Extracted data entries:

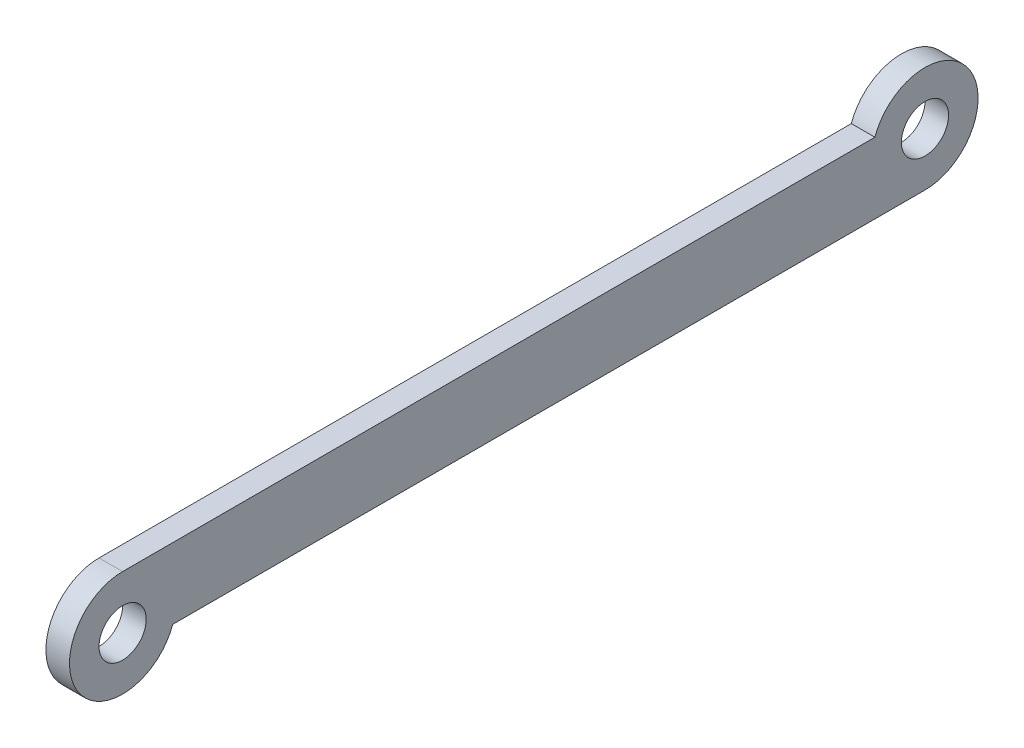
ISO-10303-21;
HEADER;
FILE_DESCRIPTION(('STEP AP214'),'2;1');
FILE_NAME('part.step','',(''),(''),'','','');
FILE_SCHEMA(('AUTOMOTIVE_DESIGN { 1 0 10303 214 1 1 1 1 }'));
ENDSEC;
DATA;
#1=APPLICATION_CONTEXT('core data for automotive mechanical design processes');
#2=APPLICATION_PROTOCOL_DEFINITION('international standard','automotive_design',2000,#1);
#3=PRODUCT_CONTEXT('',#1,'mechanical');
#4=PRODUCT('Part','Part','',(#3));
#5=PRODUCT_RELATED_PRODUCT_CATEGORY('part','',(#4));
#6=PRODUCT_DEFINITION_FORMATION('','',#4);
#7=PRODUCT_DEFINITION_CONTEXT('part definition',#1,'design');
#8=PRODUCT_DEFINITION('design','',#6,#7);
#9=PRODUCT_DEFINITION_SHAPE('','',#8);
#10=(LENGTH_UNIT() NAMED_UNIT(*) SI_UNIT(.MILLI.,.METRE.));
#11=(NAMED_UNIT(*) PLANE_ANGLE_UNIT() SI_UNIT($,.RADIAN.));
#12=(NAMED_UNIT(*) SI_UNIT($,.STERADIAN.) SOLID_ANGLE_UNIT());
#13=UNCERTAINTY_MEASURE_WITH_UNIT(LENGTH_MEASURE(1.E-05),#10,'distance_accuracy_value','');
#14=(GEOMETRIC_REPRESENTATION_CONTEXT(3) GLOBAL_UNCERTAINTY_ASSIGNED_CONTEXT((#13)) GLOBAL_UNIT_ASSIGNED_CONTEXT((#10,
#11,#12)) REPRESENTATION_CONTEXT('',''));
#15=CARTESIAN_POINT('',(0.,0.,0.));
#16=DIRECTION('',(0.,0.,1.));
#17=DIRECTION('',(1.,0.,0.));
#18=AXIS2_PLACEMENT_3D('',#15,#16,#17);
#19=CARTESIAN_POINT('',(0.,0.,0.));
#20=DIRECTION('',(1.,0.,0.));
#21=DIRECTION('',(0.,0.,-1.));
#22=AXIS2_PLACEMENT_3D('',#19,#20,#21);
#23=PLANE('',#22);
#24=CARTESIAN_POINT('',(0.,1.5,-32.));
#25=DIRECTION('',(1.,0.,0.));
#26=DIRECTION('',(0.,0.,-1.));
#27=AXIS2_PLACEMENT_3D('',#24,#25,#26);
#28=CIRCLE('',#27,2.25);
#29=CARTESIAN_POINT('',(0.,2.25,-29.8786796564404));
#30=VERTEX_POINT('',#29);
#31=CARTESIAN_POINT('',(0.,-0.750000000000001,-32.));
#32=VERTEX_POINT('',#31);
#33=EDGE_CURVE('E145',#30,#32,#28,.F.);
#34=ORIENTED_EDGE('',*,*,#33,.F.);
#35=DIRECTION('',(0.,0.,1.));
#36=VECTOR('',#35,1.);
#37=CARTESIAN_POINT('',(0.,2.25,0.));
#38=LINE('',#37,#36);
#39=CARTESIAN_POINT('',(0.,2.25,2.));
#40=VERTEX_POINT('',#39);
#41=EDGE_CURVE('E78',#40,#30,#38,.F.);
#42=ORIENTED_EDGE('',*,*,#41,.F.);
#43=CARTESIAN_POINT('',(0.,0.,2.));
#44=DIRECTION('',(1.,0.,0.));
#45=DIRECTION('',(0.,0.,-1.));
#46=AXIS2_PLACEMENT_3D('',#43,#44,#45);
#47=CIRCLE('',#46,2.25);
#48=CARTESIAN_POINT('',(0.,-0.750000000000004,-0.12132034355964));
#49=VERTEX_POINT('',#48);
#50=EDGE_CURVE('E141',#49,#40,#47,.F.);
#51=ORIENTED_EDGE('',*,*,#50,.F.);
#52=DIRECTION('',(0.,0.,-1.));
#53=VECTOR('',#52,1.);
#54=CARTESIAN_POINT('',(0.,-0.75,-32.));
#55=LINE('',#54,#53);
#56=EDGE_CURVE('E72',#32,#49,#55,.F.);
#57=ORIENTED_EDGE('',*,*,#56,.F.);
#58=EDGE_LOOP('',(#34,#42,#51,#57));
#59=FACE_BOUND('',#58,.T.);
#60=CARTESIAN_POINT('',(0.,0.,2.));
#61=DIRECTION('',(1.,0.,0.));
#62=DIRECTION('',(0.,0.,-1.));
#63=AXIS2_PLACEMENT_3D('',#60,#61,#62);
#64=CIRCLE('',#63,1.);
#65=CARTESIAN_POINT('',(0.,0.,0.999999999999999));
#66=VERTEX_POINT('',#65);
#67=EDGE_CURVE('E132',#66,#66,#64,.F.);
#68=ORIENTED_EDGE('',*,*,#67,.T.);
#69=EDGE_LOOP('',(#68));
#70=FACE_BOUND('',#69,.T.);
#71=CARTESIAN_POINT('',(0.,1.5,-32.));
#72=DIRECTION('',(1.,0.,0.));
#73=DIRECTION('',(0.,0.,-1.));
#74=AXIS2_PLACEMENT_3D('',#71,#72,#73);
#75=CIRCLE('',#74,1.);
#76=CARTESIAN_POINT('',(0.,1.5,-33.));
#77=VERTEX_POINT('',#76);
#78=EDGE_CURVE('E134',#77,#77,#75,.F.);
#79=ORIENTED_EDGE('',*,*,#78,.T.);
#80=EDGE_LOOP('',(#79));
#81=FACE_BOUND('',#80,.T.);
#82=ADVANCED_FACE('F37',(#59,#70,#81),#23,.T.);
#83=CARTESIAN_POINT('',(-1.,1.5,-32.));
#84=DIRECTION('',(1.,0.,0.));
#85=DIRECTION('',(0.,0.,-1.));
#86=AXIS2_PLACEMENT_3D('',#83,#84,#85);
#87=CYLINDRICAL_SURFACE('',#86,1.);
#88=CARTESIAN_POINT('',(-1.,1.5,-32.));
#89=DIRECTION('',(1.,0.,0.));
#90=DIRECTION('',(0.,0.,-1.));
#91=AXIS2_PLACEMENT_3D('',#88,#89,#90);
#92=CIRCLE('',#91,1.);
#93=CARTESIAN_POINT('',(-1.,1.5,-33.));
#94=VERTEX_POINT('',#93);
#95=EDGE_CURVE('E99',#94,#94,#92,.F.);
#96=ORIENTED_EDGE('',*,*,#95,.T.);
#97=EDGE_LOOP('',(#96));
#98=FACE_BOUND('',#97,.T.);
#99=ORIENTED_EDGE('',*,*,#78,.F.);
#100=EDGE_LOOP('',(#99));
#101=FACE_BOUND('',#100,.T.);
#102=ADVANCED_FACE('F117',(#98,#101),#87,.F.);
#103=CARTESIAN_POINT('',(-1.,0.,2.));
#104=DIRECTION('',(1.,0.,0.));
#105=DIRECTION('',(0.,0.,-1.));
#106=AXIS2_PLACEMENT_3D('',#103,#104,#105);
#107=CYLINDRICAL_SURFACE('',#106,1.);
#108=CARTESIAN_POINT('',(-1.,0.,2.));
#109=DIRECTION('',(1.,0.,0.));
#110=DIRECTION('',(0.,0.,-1.));
#111=AXIS2_PLACEMENT_3D('',#108,#109,#110);
#112=CIRCLE('',#111,1.);
#113=CARTESIAN_POINT('',(-1.,0.,0.999999999999999));
#114=VERTEX_POINT('',#113);
#115=EDGE_CURVE('E95',#114,#114,#112,.F.);
#116=ORIENTED_EDGE('',*,*,#115,.T.);
#117=EDGE_LOOP('',(#116));
#118=FACE_BOUND('',#117,.T.);
#119=ORIENTED_EDGE('',*,*,#67,.F.);
#120=EDGE_LOOP('',(#119));
#121=FACE_BOUND('',#120,.T.);
#122=ADVANCED_FACE('F116',(#118,#121),#107,.F.);
#123=CARTESIAN_POINT('',(-1.,-0.75,-32.));
#124=DIRECTION('',(0.,-1.,0.));
#125=DIRECTION('',(0.,0.,-1.));
#126=AXIS2_PLACEMENT_3D('',#123,#124,#125);
#127=PLANE('',#126);
#128=DIRECTION('',(0.,0.,-1.));
#129=VECTOR('',#128,1.);
#130=CARTESIAN_POINT('',(-1.,-0.750000000000004,0.));
#131=LINE('',#130,#129);
#132=CARTESIAN_POINT('',(-1.,-0.750000000000004,-0.121320343559642));
#133=VERTEX_POINT('',#132);
#134=CARTESIAN_POINT('',(-1.,-0.750000000000003,-32.));
#135=VERTEX_POINT('',#134);
#136=EDGE_CURVE('E89',#133,#135,#131,.T.);
#137=ORIENTED_EDGE('',*,*,#136,.T.);
#138=DIRECTION('',(1.,0.,0.));
#139=VECTOR('',#138,1.);
#140=CARTESIAN_POINT('',(-1.,-0.750000000000002,-32.));
#141=LINE('',#140,#139);
#142=EDGE_CURVE('E84',#32,#135,#141,.F.);
#143=ORIENTED_EDGE('',*,*,#142,.F.);
#144=ORIENTED_EDGE('',*,*,#56,.T.);
#145=DIRECTION('',(1.,0.,0.));
#146=VECTOR('',#145,1.);
#147=CARTESIAN_POINT('',(-1.,-0.750000000000004,-0.121320343559642));
#148=LINE('',#147,#146);
#149=EDGE_CURVE('E41',#133,#49,#148,.T.);
#150=ORIENTED_EDGE('',*,*,#149,.F.);
#151=EDGE_LOOP('',(#137,#143,#144,#150));
#152=FACE_BOUND('',#151,.T.);
#153=ADVANCED_FACE('F97',(#152),#127,.T.);
#154=CARTESIAN_POINT('',(-1.,1.5,-32.));
#155=DIRECTION('',(1.,0.,0.));
#156=DIRECTION('',(0.,0.,-1.));
#157=AXIS2_PLACEMENT_3D('',#154,#155,#156);
#158=CYLINDRICAL_SURFACE('',#157,2.25);
#159=DIRECTION('',(1.,0.,0.));
#160=VECTOR('',#159,1.);
#161=CARTESIAN_POINT('',(-1.,2.25,-29.8786796564404));
#162=LINE('',#161,#160);
#163=CARTESIAN_POINT('',(-1.,2.25,-29.8786796564404));
#164=VERTEX_POINT('',#163);
#165=EDGE_CURVE('E142',#30,#164,#162,.F.);
#166=ORIENTED_EDGE('',*,*,#165,.F.);
#167=ORIENTED_EDGE('',*,*,#33,.T.);
#168=ORIENTED_EDGE('',*,*,#142,.T.);
#169=CARTESIAN_POINT('',(-1.,1.5,-32.));
#170=DIRECTION('',(1.,0.,0.));
#171=DIRECTION('',(0.,0.,-1.));
#172=AXIS2_PLACEMENT_3D('',#169,#170,#171);
#173=CIRCLE('',#172,2.25);
#174=EDGE_CURVE('E94',#135,#164,#173,.T.);
#175=ORIENTED_EDGE('',*,*,#174,.T.);
#176=EDGE_LOOP('',(#166,#167,#168,#175));
#177=FACE_BOUND('',#176,.T.);
#178=ADVANCED_FACE('F107',(#177),#158,.T.);
#179=CARTESIAN_POINT('',(-1.,2.25,0.));
#180=DIRECTION('',(0.,1.,0.));
#181=DIRECTION('',(0.,0.,1.));
#182=AXIS2_PLACEMENT_3D('',#179,#180,#181);
#183=PLANE('',#182);
#184=DIRECTION('',(0.,0.,-1.));
#185=VECTOR('',#184,1.);
#186=CARTESIAN_POINT('',(-1.,2.25,0.));
#187=LINE('',#186,#185);
#188=CARTESIAN_POINT('',(-1.,2.25,2.));
#189=VERTEX_POINT('',#188);
#190=EDGE_CURVE('E47',#164,#189,#187,.F.);
#191=ORIENTED_EDGE('',*,*,#190,.T.);
#192=DIRECTION('',(1.,0.,0.));
#193=VECTOR('',#192,1.);
#194=CARTESIAN_POINT('',(-1.,2.25,2.));
#195=LINE('',#194,#193);
#196=EDGE_CURVE('E55',#40,#189,#195,.F.);
#197=ORIENTED_EDGE('',*,*,#196,.F.);
#198=ORIENTED_EDGE('',*,*,#41,.T.);
#199=ORIENTED_EDGE('',*,*,#165,.T.);
#200=EDGE_LOOP('',(#191,#197,#198,#199));
#201=FACE_BOUND('',#200,.T.);
#202=ADVANCED_FACE('F101',(#201),#183,.T.);
#203=CARTESIAN_POINT('',(-1.,0.,2.));
#204=DIRECTION('',(1.,0.,0.));
#205=DIRECTION('',(0.,0.,-1.));
#206=AXIS2_PLACEMENT_3D('',#203,#204,#205);
#207=CYLINDRICAL_SURFACE('',#206,2.25);
#208=CARTESIAN_POINT('',(-1.,0.,2.));
#209=DIRECTION('',(1.,0.,0.));
#210=DIRECTION('',(0.,0.,-1.));
#211=AXIS2_PLACEMENT_3D('',#208,#209,#210);
#212=CIRCLE('',#211,2.25);
#213=EDGE_CURVE('E12',#189,#133,#212,.T.);
#214=ORIENTED_EDGE('',*,*,#213,.T.);
#215=ORIENTED_EDGE('',*,*,#149,.T.);
#216=ORIENTED_EDGE('',*,*,#50,.T.);
#217=ORIENTED_EDGE('',*,*,#196,.T.);
#218=EDGE_LOOP('',(#214,#215,#216,#217));
#219=FACE_BOUND('',#218,.T.);
#220=ADVANCED_FACE('F39',(#219),#207,.T.);
#221=CARTESIAN_POINT('',(-1.,0.,0.));
#222=DIRECTION('',(1.,0.,0.));
#223=DIRECTION('',(0.,0.,-1.));
#224=AXIS2_PLACEMENT_3D('',#221,#222,#223);
#225=PLANE('',#224);
#226=ORIENTED_EDGE('',*,*,#190,.F.);
#227=ORIENTED_EDGE('',*,*,#174,.F.);
#228=ORIENTED_EDGE('',*,*,#136,.F.);
#229=ORIENTED_EDGE('',*,*,#213,.F.);
#230=EDGE_LOOP('',(#226,#227,#228,#229));
#231=FACE_BOUND('',#230,.T.);
#232=ORIENTED_EDGE('',*,*,#115,.F.);
#233=EDGE_LOOP('',(#232));
#234=FACE_BOUND('',#233,.T.);
#235=ORIENTED_EDGE('',*,*,#95,.F.);
#236=EDGE_LOOP('',(#235));
#237=FACE_BOUND('',#236,.T.);
#238=ADVANCED_FACE('F91',(#231,#234,#237),#225,.F.);
#239=CLOSED_SHELL('',(#82,#102,#122,#153,#178,#202,#220,#238));
#240=MANIFOLD_SOLID_BREP('B2',#239);
#241=ADVANCED_BREP_SHAPE_REPRESENTATION('',(#18,#240),#14);
#242=SHAPE_DEFINITION_REPRESENTATION(#9,#241);
ENDSEC;
END-ISO-10303-21;

### TASK TO CARRY OUT
Beginning at the line above that contains "#205=DIRECTION('',(0.,0.,-1.));", return each line exactly through the line that contains "#223=DIRECTION('',(0.,0.,-1.));", and no others.

### RESPONSE FOR THIS EXERCISE
#205=DIRECTION('',(0.,0.,-1.));
#206=AXIS2_PLACEMENT_3D('',#203,#204,#205);
#207=CYLINDRICAL_SURFACE('',#206,2.25);
#208=CARTESIAN_POINT('',(-1.,0.,2.));
#209=DIRECTION('',(1.,0.,0.));
#210=DIRECTION('',(0.,0.,-1.));
#211=AXIS2_PLACEMENT_3D('',#208,#209,#210);
#212=CIRCLE('',#211,2.25);
#213=EDGE_CURVE('E12',#189,#133,#212,.T.);
#214=ORIENTED_EDGE('',*,*,#213,.T.);
#215=ORIENTED_EDGE('',*,*,#149,.T.);
#216=ORIENTED_EDGE('',*,*,#50,.T.);
#217=ORIENTED_EDGE('',*,*,#196,.T.);
#218=EDGE_LOOP('',(#214,#215,#216,#217));
#219=FACE_BOUND('',#218,.T.);
#220=ADVANCED_FACE('F39',(#219),#207,.T.);
#221=CARTESIAN_POINT('',(-1.,0.,0.));
#222=DIRECTION('',(1.,0.,0.));
#223=DIRECTION('',(0.,0.,-1.));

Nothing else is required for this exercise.